Why AI Is Changing True Crime Forever
One of the podcast’s most compelling themes is how artificial intelligence is reshaping forensic investigations.
How AI Is Used in the Podcast’s Investigation
Sorting millions of data points across decades
Identifying linguistic similarities in handwritten and coded messages
Matching genealogical DNA profiles faster than human analysts
Reconstructing timelines using probabilistic modeling
This approach represents a new frontier in criminal justice, particularly for cold cases once considered unsolvable.
Interactive Companion Website Expands the Investigation
To deepen listener engagement, “Killer in the Code” is supported by a companion website where users can access:
Decrypted cipher documents
Source materials used in the investigation
Genealogical charts and timelines
Evidence imagery and archival records
This transparency allows listeners to verify claims, explore evidence, and draw their own conclusions—a rarity in true crime storytelling.
Michael Connelly’s True-Crime Legacy
This podcast builds on Connelly’s extensive experience in true crime audio, including:
Murder Book
Murder Book, Murder Book
The Wonderland Murders
Across fiction and nonfiction, Connelly has sold over 90 million books worldwide and serves as executive producer on multiple television adaptations.
“Killer in the Code” may be his most ambitious nonfiction project yet.
When and Where to Listen
“Killer in the Code” is now available on:
Apple Podcasts
Spotify
YouTube
All major podcast platforms
📅 New episodes begin releasing January 15, 2026
Why “Killer in the Code” Matters Now
In an era where cold cases are being reopened through DNA and data science, this podcast stands at the intersection of:
Criminal justice reform
Technological evolution
Ethical storytelling
It raises urgent questions:
How many cases remain solvable with today’s tools?

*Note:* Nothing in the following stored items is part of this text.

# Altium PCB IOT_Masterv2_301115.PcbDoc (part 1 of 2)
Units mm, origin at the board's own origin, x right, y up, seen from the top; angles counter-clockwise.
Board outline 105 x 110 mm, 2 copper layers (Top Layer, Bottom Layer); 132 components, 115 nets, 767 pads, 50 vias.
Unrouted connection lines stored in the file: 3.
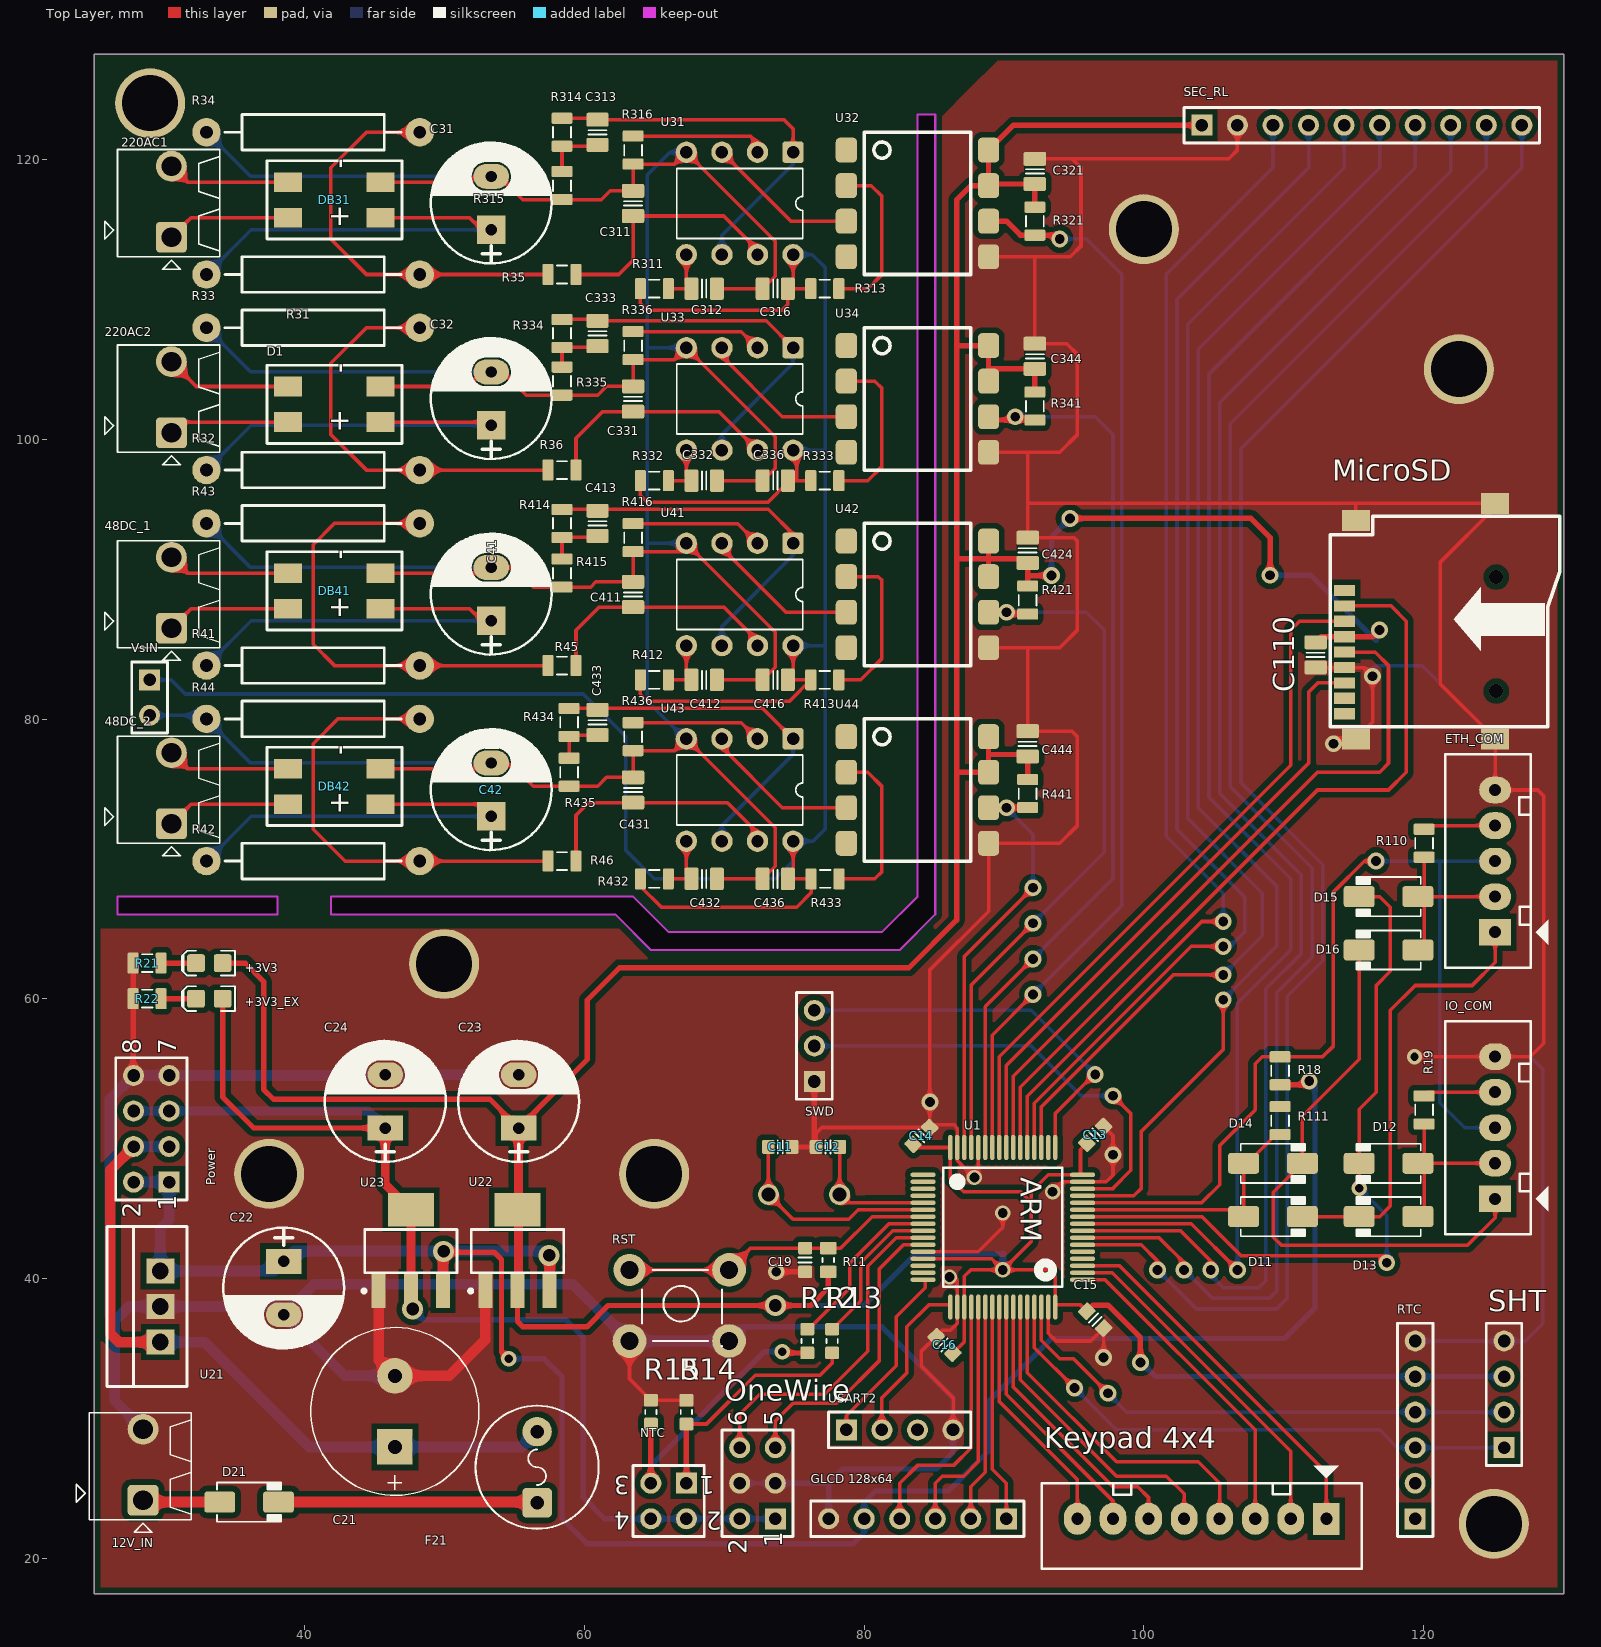
[diagram p0: Top Layer view]
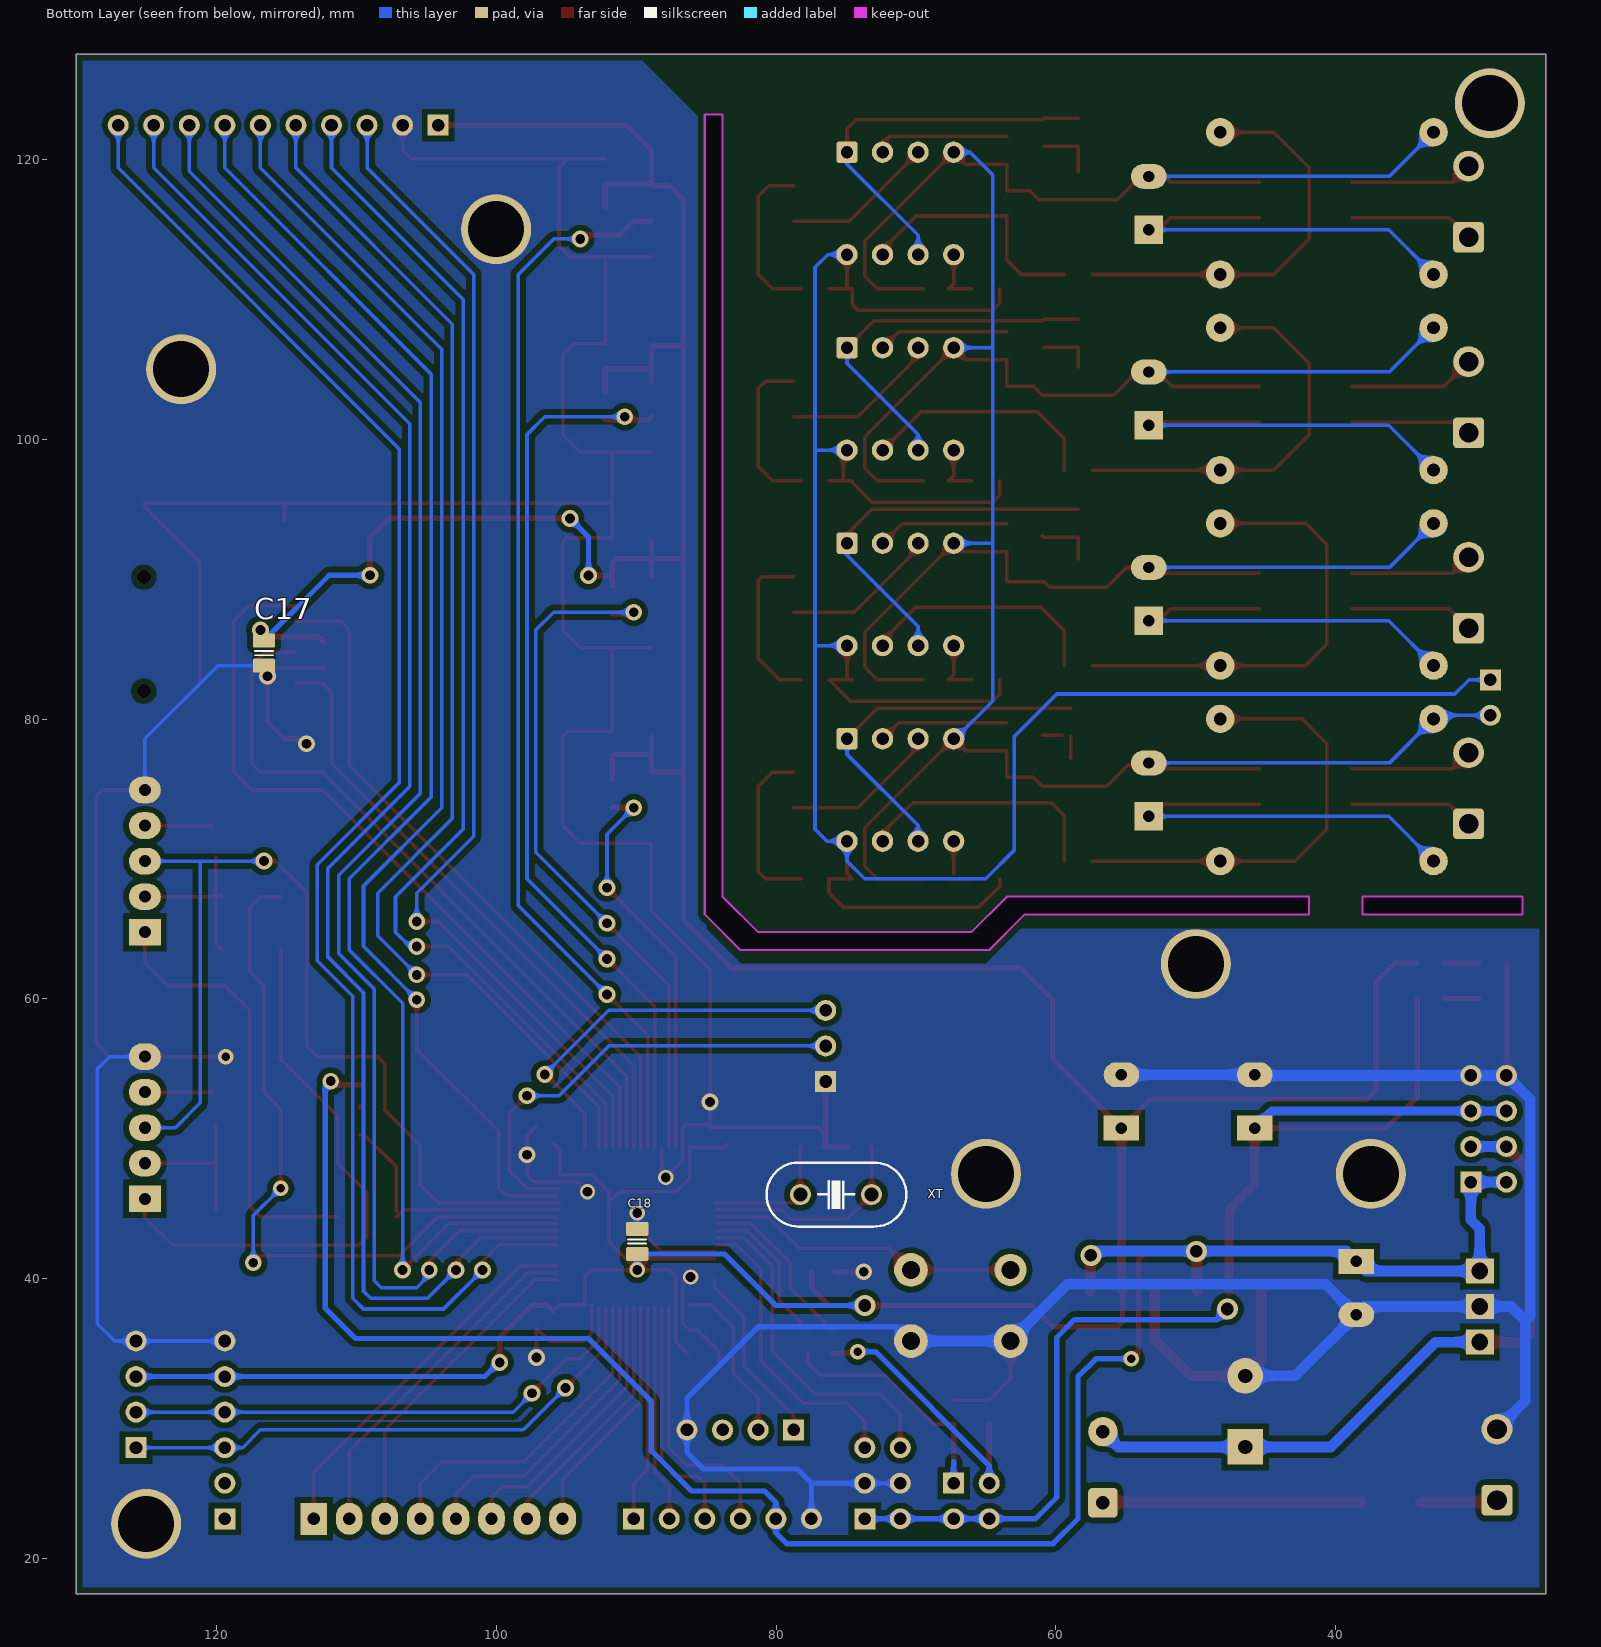
[diagram p1: Bottom Layer view, seen from below]
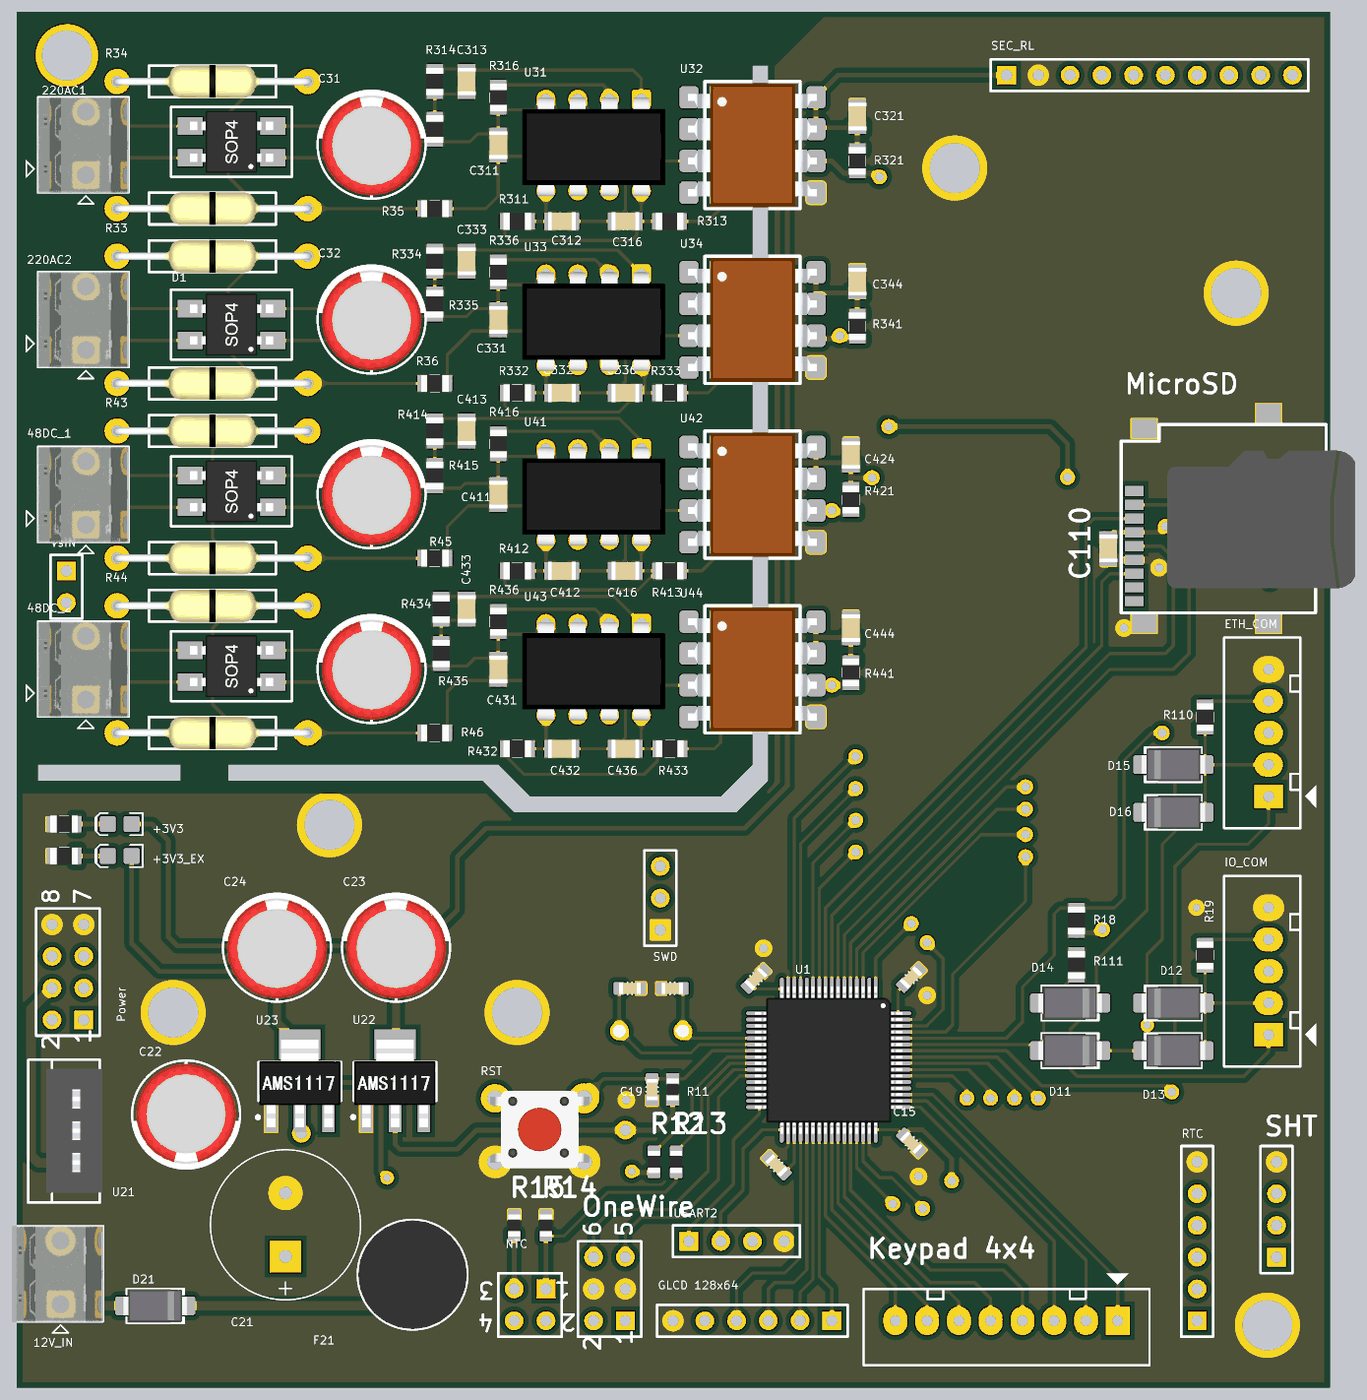
[diagram p3: 3D render of the assembled board from above, using the file's embedded part models]
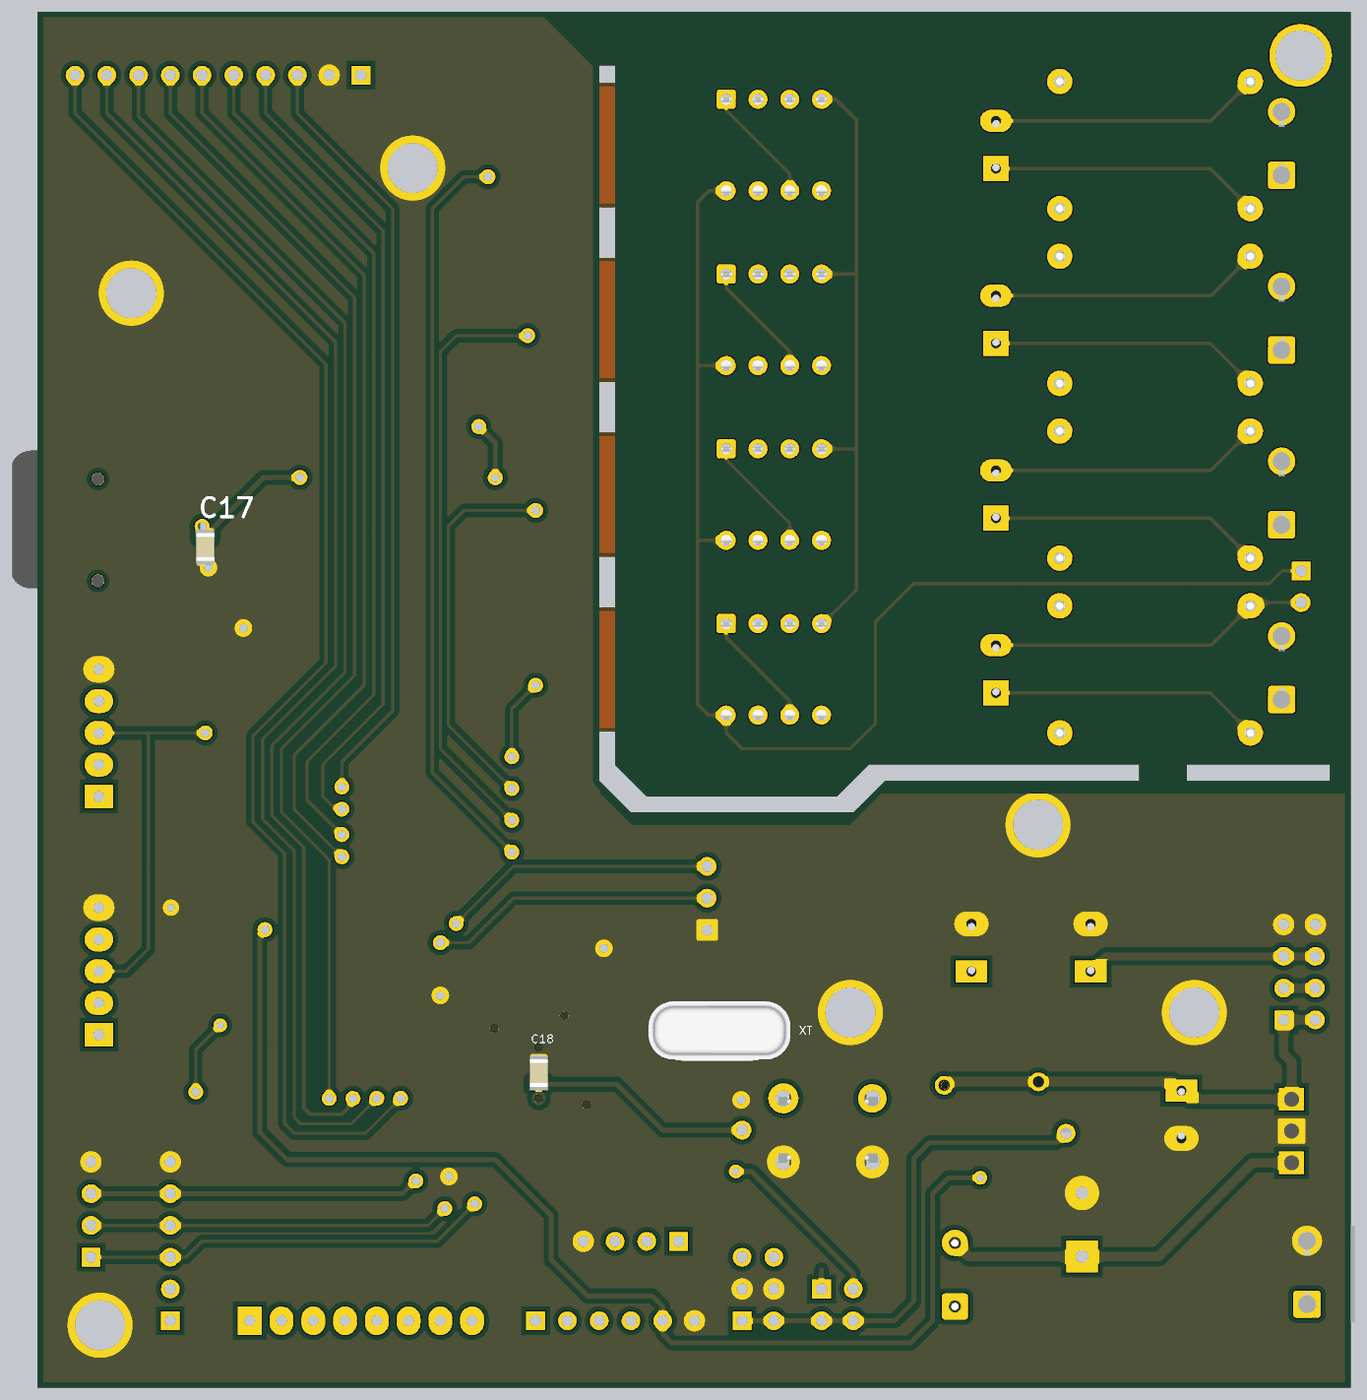
[diagram p4: 3D render of the assembled board from below, using the file's embedded part models]

## Layer stack, top to bottom
Top Solder: solder mask 0.0102, Solder Resist, Dk 3.5
Top Layer: signal copper 0.0356
Dielectric 1: dielectric 0.32, FR-4, Dk 4.8
Bottom Layer: signal copper 0.0356
Bottom Solder: solder mask 0.0102, Solder Resist, Dk 3.5

## Board outline
25,17.5 25,127.5 130,127.5 130,17.5
cut-out: 26.67,66.04 38.1,66.04 38.1,67.31 26.67,67.31
cut-out: 41.91,67.31 63.5,67.31 66.04,64.77 81.28,64.77 83.82,67.31 83.82,123.19 85.09,123.19 85.09,66.04 82.55,63.5 64.77,63.5 62.23,66.04 41.91,66.04

## Design rules (kind name [scope] priority, off if disabled: settings)
Clearance [All] p1: gap=0.178 except(0.4: Arc-Poly Track-Poly SMDPad-Poly THPad-Poly Via-Poly Fill-Poly Poly-Poly)
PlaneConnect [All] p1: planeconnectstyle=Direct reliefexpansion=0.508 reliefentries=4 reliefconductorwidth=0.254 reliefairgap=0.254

Should AI be standard in criminal investigations?
What responsibility comes with reopening decades-old wounds?
Final Takeaway
“Killer in the Code” is not just another true-crime podcast. It is a forensic experiment, historical reexamination, and narrative investigation rolled into one—guided by one of the most respected voices in crime storytelling. If the findings hold, this series may not just tell history—it may rewrite it.